TRY IT: An exact copy of all records is expected, minus the images.

Data extracted from a collection
------------------------------------------------
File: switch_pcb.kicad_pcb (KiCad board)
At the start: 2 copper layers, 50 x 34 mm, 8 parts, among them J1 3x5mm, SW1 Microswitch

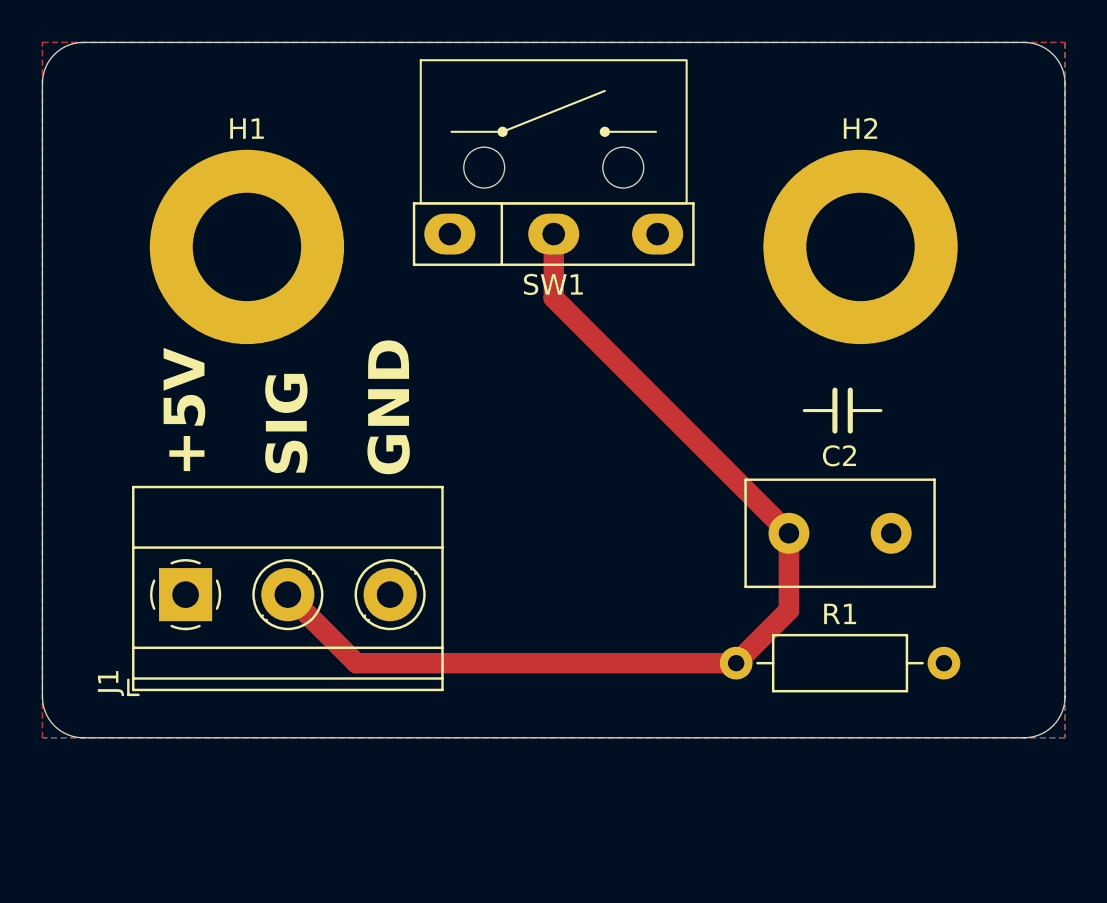
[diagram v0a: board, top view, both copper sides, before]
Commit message: Extend PCB, add course name and logo, add initial area on PCB
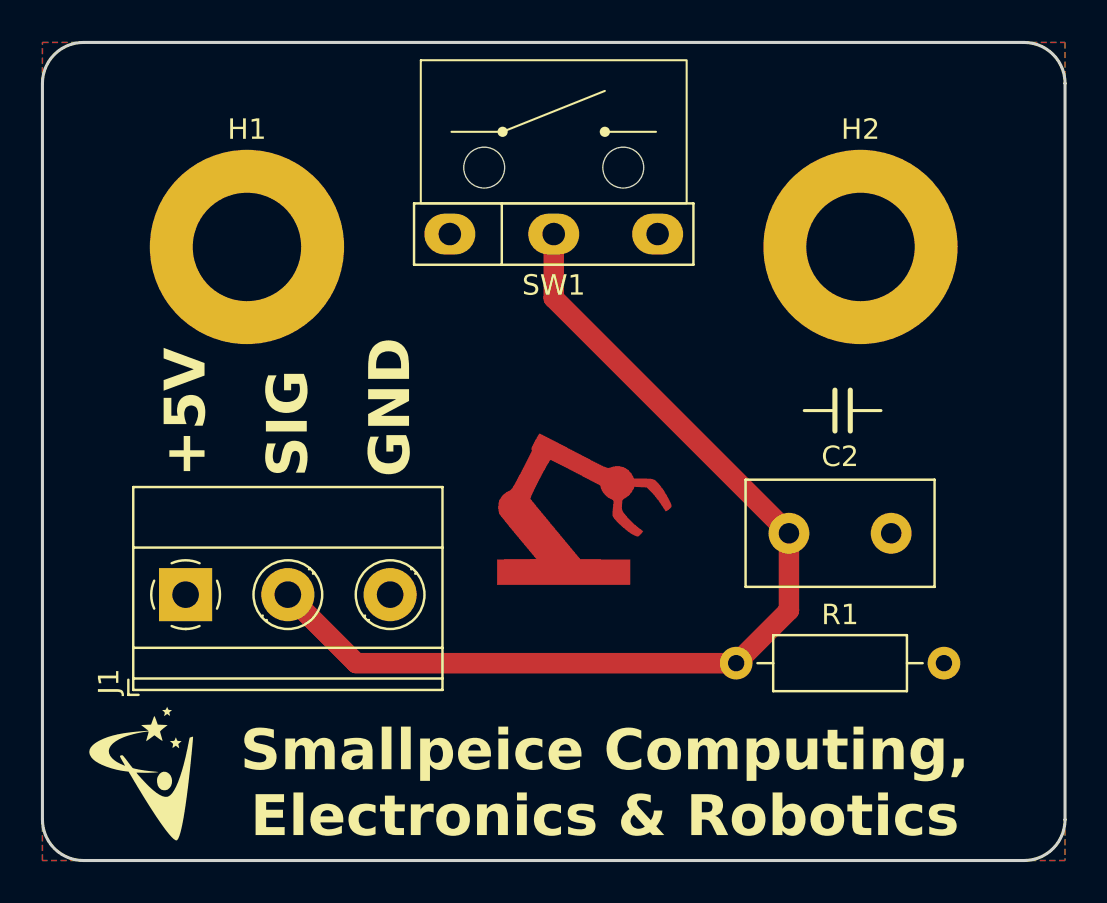
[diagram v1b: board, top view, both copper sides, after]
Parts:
- added G***: LOGO, switch_pcb:smallpeice, F.Cu at (110.8, 66.1)
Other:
- board size 50 x 34 mm -> 50 x 40 mm
- board text added: "Initials:"
- board text added: "Smallpeice Computing, Electronics & Robotics"

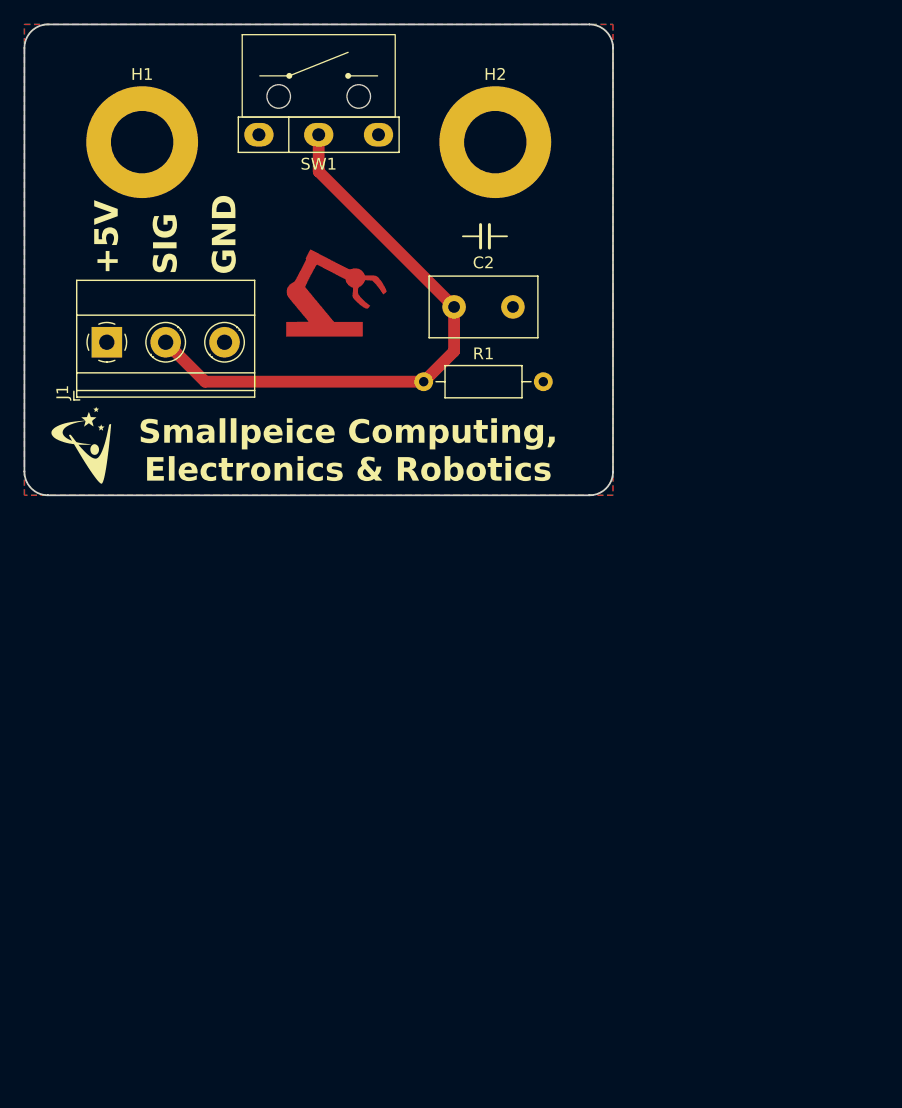
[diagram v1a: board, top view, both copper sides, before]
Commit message: Review feedback Center PCB on page Remove 5V plane & use teardrops Change circuit to be pulled up & switched low
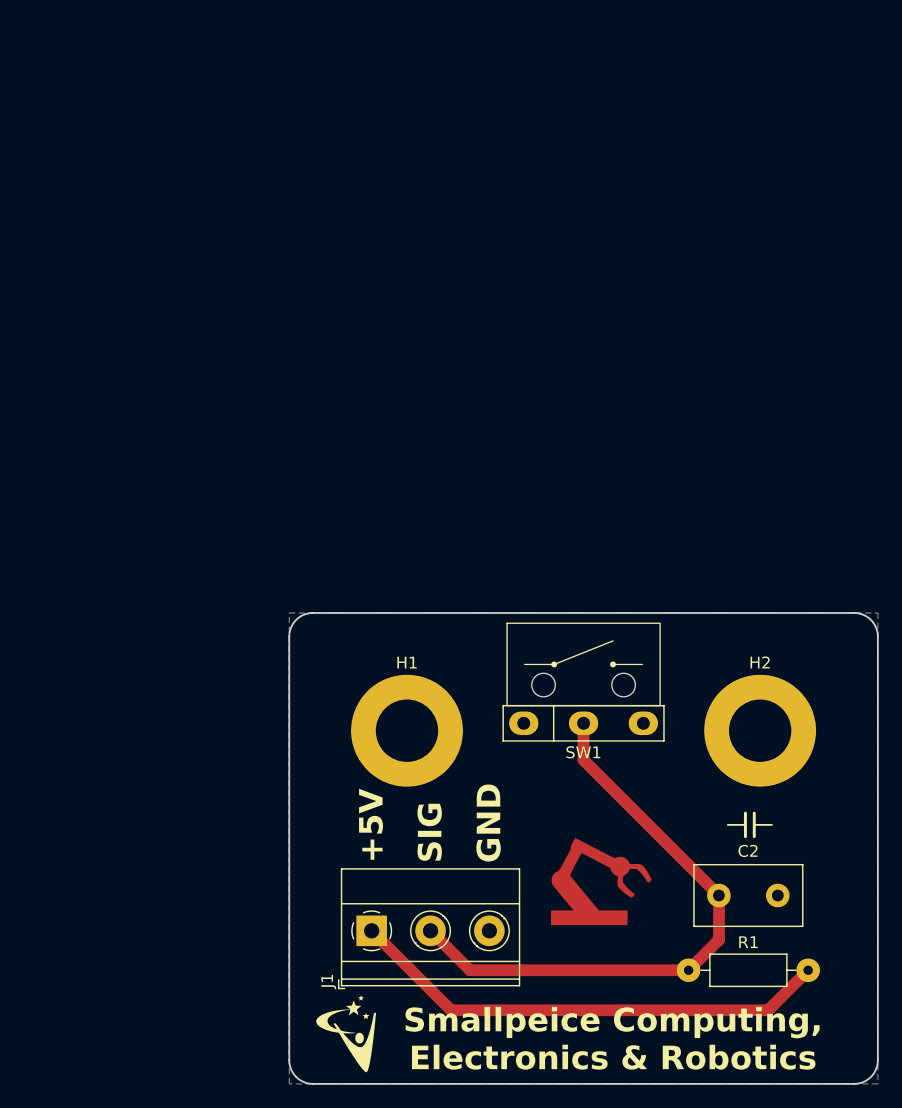
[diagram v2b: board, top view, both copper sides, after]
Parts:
- moved R1 59.7 mm to (171.6, 110.3), turned to 180 degrees
- moved C2 54.8 mm to (164.0, 104.0)
- moved G*** 54.8 mm to (133.2, 116.1)
- moved G*** 54.8 mm to (154.0, 102.8)
- moved G*** 54.8 mm to (152.8, 104.5)
- moved H1 54.8 mm to (137.5, 90.0)
- moved H2 54.8 mm to (167.5, 90.0)
- moved J1 54.8 mm to (134.5, 107.0)
- moved SW1 54.8 mm to (152.5, 89.4)
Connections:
- R1 pad 1: Net-(J1-Pin_2) -> +5V
- R1 pad 2: GND -> Net-(J1-Pin_2)
- SW1 pad 1: +5V -> GND
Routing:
- net +5V: track 0.00 -> 41.3 mm
- removed copper zone on F.Cu, net +5V
------------------------------------------------
OUTPUT:
File: switch_pcb.kicad_pcb (KiCad board)
At the start: 2 copper layers, 50 x 34 mm, 8 parts, among them J1 3x5mm, SW1 Microswitch

[diagram v0a: board, top view, both copper sides, before]
Commit message: Extend PCB, add course name and logo, add initial area on PCB
[diagram v1b: board, top view, both copper sides, after]
Parts:
- added G***: LOGO, switch_pcb:smallpeice, F.Cu at (110.8, 66.1)
Other:
- board size 50 x 34 mm -> 50 x 40 mm
- board text added: "Initials:"
- board text added: "Smallpeice Computing, Electronics & Robotics"

[diagram v1a: board, top view, both copper sides, before]
Commit message: Review feedback Center PCB on page Remove 5V plane & use teardrops Change circuit to be pulled up & switched low
[diagram v2b: board, top view, both copper sides, after]
Parts:
- moved R1 59.7 mm to (171.6, 110.3), turned to 180 degrees
- moved C2 54.8 mm to (164.0, 104.0)
- moved G*** 54.8 mm to (133.2, 116.1)
- moved G*** 54.8 mm to (154.0, 102.8)
- moved G*** 54.8 mm to (152.8, 104.5)
- moved H1 54.8 mm to (137.5, 90.0)
- moved H2 54.8 mm to (167.5, 90.0)
- moved J1 54.8 mm to (134.5, 107.0)
- moved SW1 54.8 mm to (152.5, 89.4)
Connections:
- R1 pad 1: Net-(J1-Pin_2) -> +5V
- R1 pad 2: GND -> Net-(J1-Pin_2)
- SW1 pad 1: +5V -> GND
Routing:
- net +5V: track 0.00 -> 41.3 mm
- removed copper zone on F.Cu, net +5V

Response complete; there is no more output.